Wal-Mart, protector of employee rights

Wal-Mart leaders are proving they need the regulation that they fear so much.

This, from Eric Martin of Obsidian Wings:

The weakening, and dismantling, of unions that began during the Reagan administration (and continued more or less uninterrupted since then) has not served America well. Yes, some unions go too far on some issues (corporations never do though!), but the alternative - a severely weakened and voiceless labor market - is considerably worse for most Americans. The pendulum has swung too far in the other direction.
Just one example: unions used to provide an effective check on out of control executive pay. Unions would rightly demand a cut of the pie when executives tried to give themselves out of proportion pay raises. It was exceedingly difficult for executives to argue that they deserved multi-million dollar raises, but that there was no money to offer a modest raise for the average company worker. The lack of union controls on this process is one of the factors that has led to vast disparities of wealth in the United States - disparities not seen since the Gilded Age. To simplify matters: economies are stronger, and societies healthier, when the middle class is thriving. Unions can help to create a larger, more robust middle class.

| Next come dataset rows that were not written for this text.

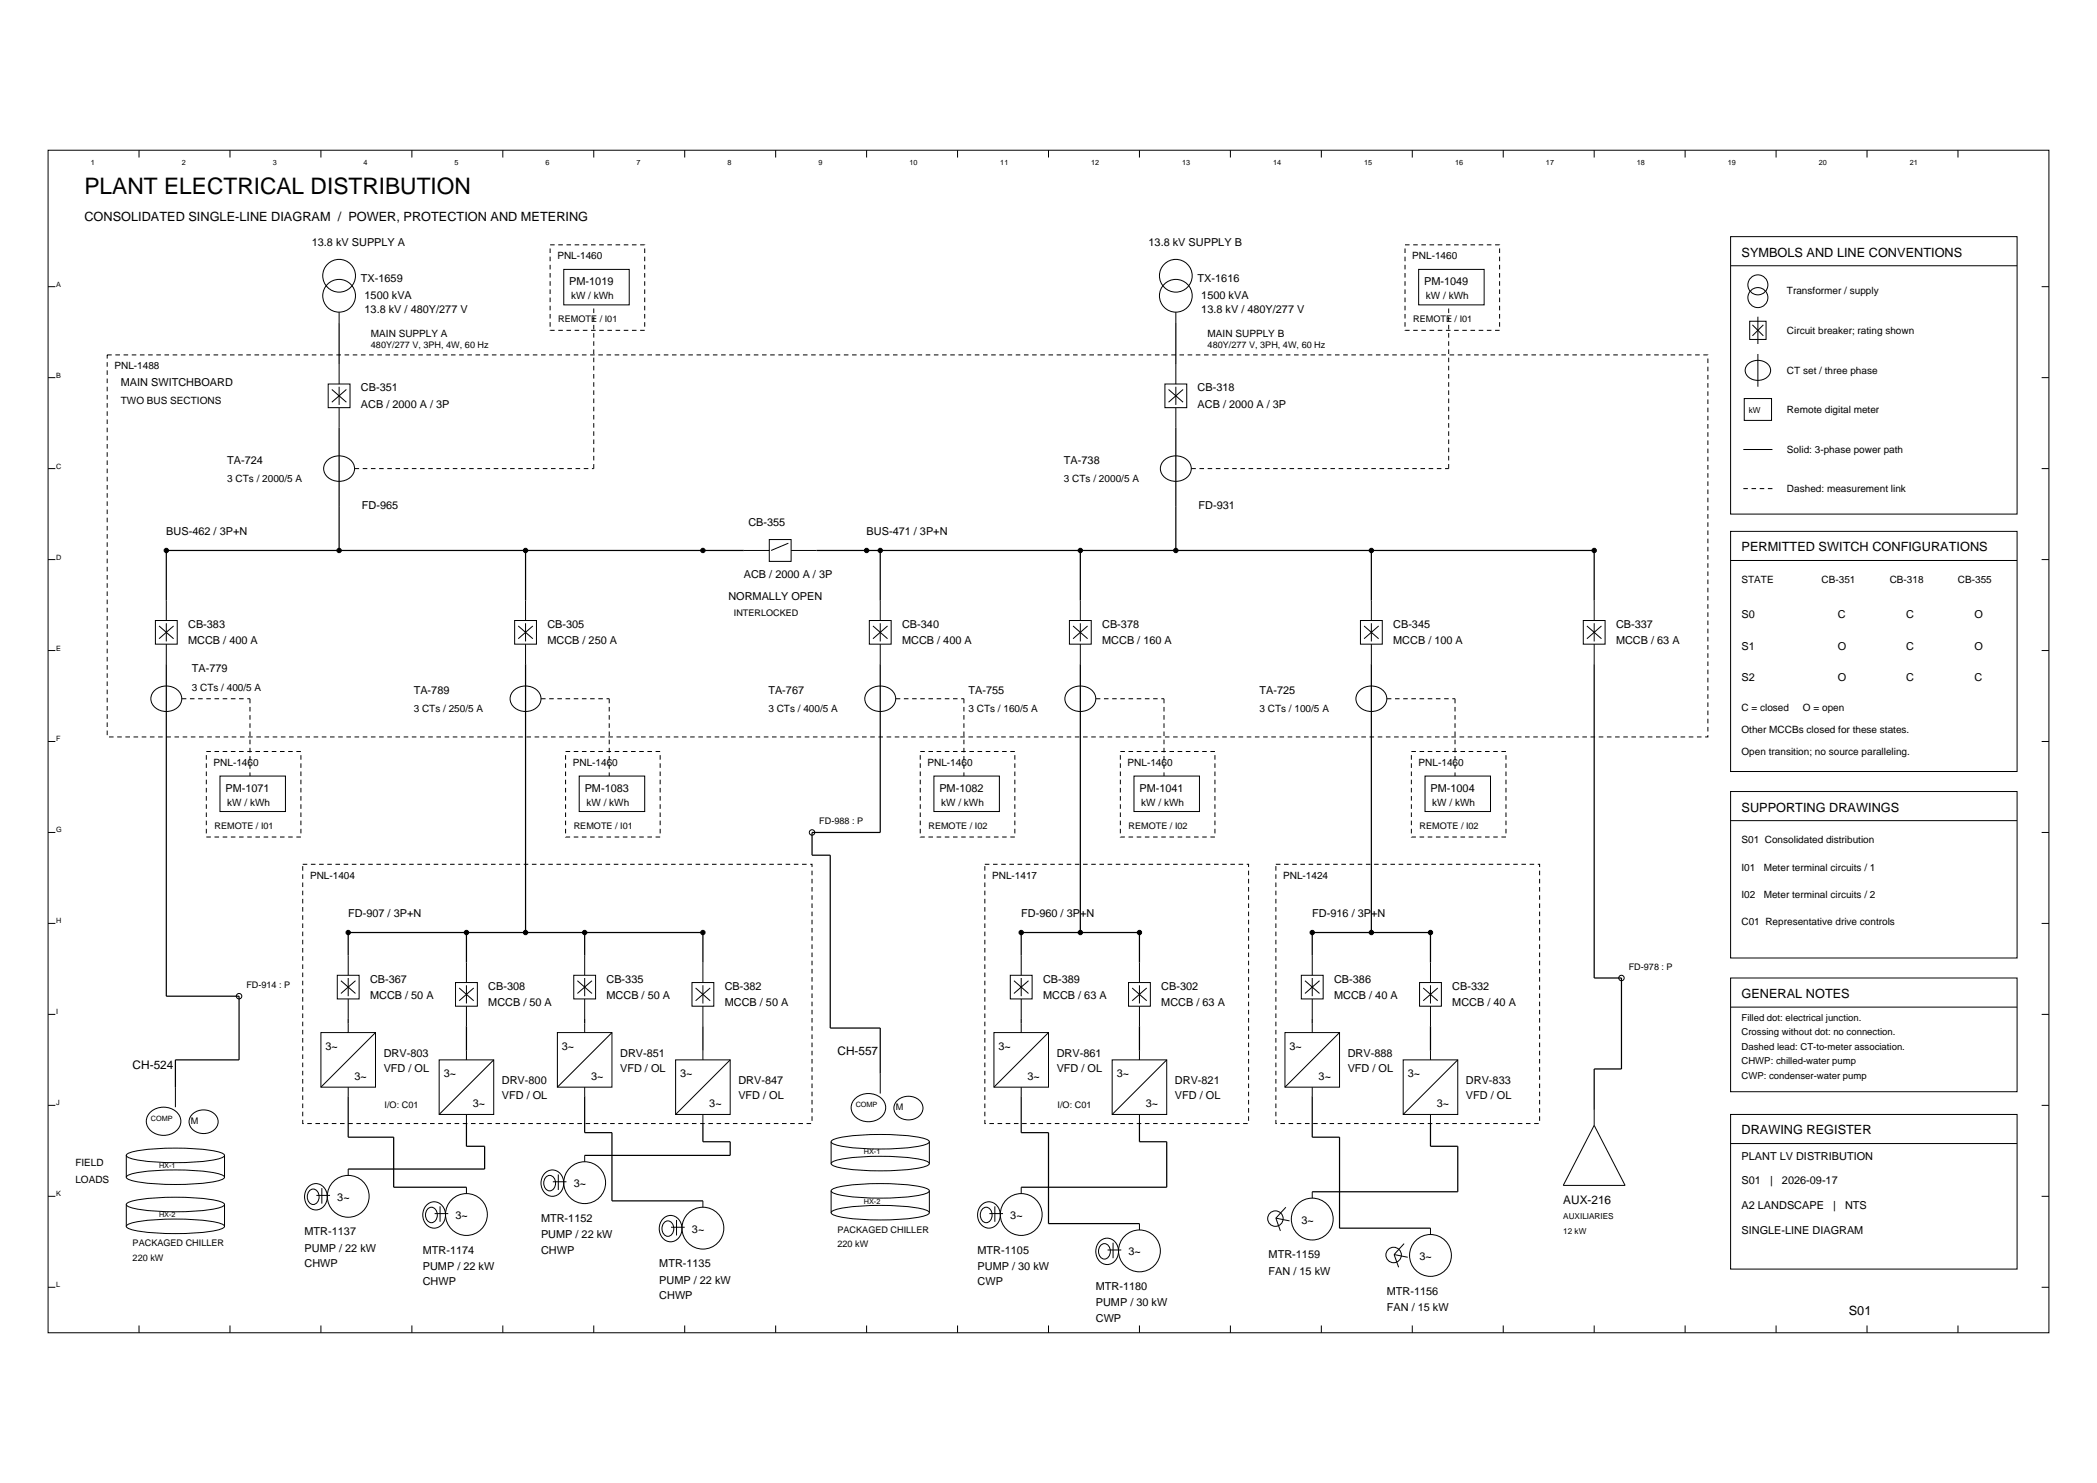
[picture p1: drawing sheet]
<svg xmlns="http://www.w3.org/2000/svg" width="594mm" height="420mm" viewBox="0 0 594 420" stroke-linecap="round" stroke-linejoin="round" font-family="sans-serif">
<g fill="none" stroke="#000" stroke-width=".28">
<path d="M13.6 42.5h566.8v335h-566.8zM39.4 42.5v2.1M65.1 42.5v2.1M90.9 42.5v2.1M116.7 42.5v2.1M142.4 42.5v2.1M168.2 42.5v2.1M194 42.5v2.1M219.7 42.5v2.1M245.5 42.5v2.1M271.2 42.5v2.1M297 42.5v2.1"/>
<path d="M322.8 42.5v2.1M348.5 42.5v2.1M374.3 42.5v2.1M400 42.5v2.1M425.8 42.5v2.1M451.6 42.5v2.1M477.3 42.5v2.1M503.1 42.5v2.1M528.9 42.5v2.1M554.6 42.5v2.1M159.7 76.3h18.5v10h-18.5zM401.9 76.3h18.5v10h-18.5z"/>
<path d="M490.2 67h81.2v78.6h-81.2zM490.2 75.3h81.2M13.6 81.2h2.1M96.1 88.4v3.1M333.1 88.4v3.1M495.6 91h4.7v5.1h-4.7zM496.4 92l3.1 3.1M497.9 89.7v7.7M499.5 92l-3.1 3.1M578.3 81.2h2.1M13.6 107h2.1M93 108.8h6.1v6.7h-6.1z"/>
<path d="M94 110.3l4.1 3.6M96.1 103.1v5.7M96.1 109.5v5.2M96.1 115.5v5.6M98.1 110.3l-4.1 3.6M330 108.8h6.2v6.7h-6.2zM331 110.3l4.1 3.6M333.1 103.1v5.7M333.1 109.5v5.2M333.1 115.5v5.6M335.1 110.3l-4.1 3.6M494.1 112.9h7.7v6.2h-7.7z"/>
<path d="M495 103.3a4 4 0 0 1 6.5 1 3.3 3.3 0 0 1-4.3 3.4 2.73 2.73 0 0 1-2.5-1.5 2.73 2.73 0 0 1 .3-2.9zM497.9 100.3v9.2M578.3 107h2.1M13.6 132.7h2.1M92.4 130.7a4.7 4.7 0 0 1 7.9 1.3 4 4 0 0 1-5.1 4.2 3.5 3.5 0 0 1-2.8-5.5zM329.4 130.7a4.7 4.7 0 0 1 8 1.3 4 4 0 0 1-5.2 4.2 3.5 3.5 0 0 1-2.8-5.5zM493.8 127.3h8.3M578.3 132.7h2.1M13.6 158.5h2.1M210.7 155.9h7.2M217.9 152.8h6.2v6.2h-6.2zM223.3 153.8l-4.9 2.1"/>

The Wall Street Journal reports that Wal-Mart employees who attended these mandatory meetings in seven states said executives told them employees would have to pay hefty union dues and get nothing in return, and warned that unionization could force Wal-Mart to cut jobs as labor costs rise.

Yes. It's better for employees to trust management with their welfare. I'm sure Wal-Mart has a great record of that, no? No?

Also, check this out.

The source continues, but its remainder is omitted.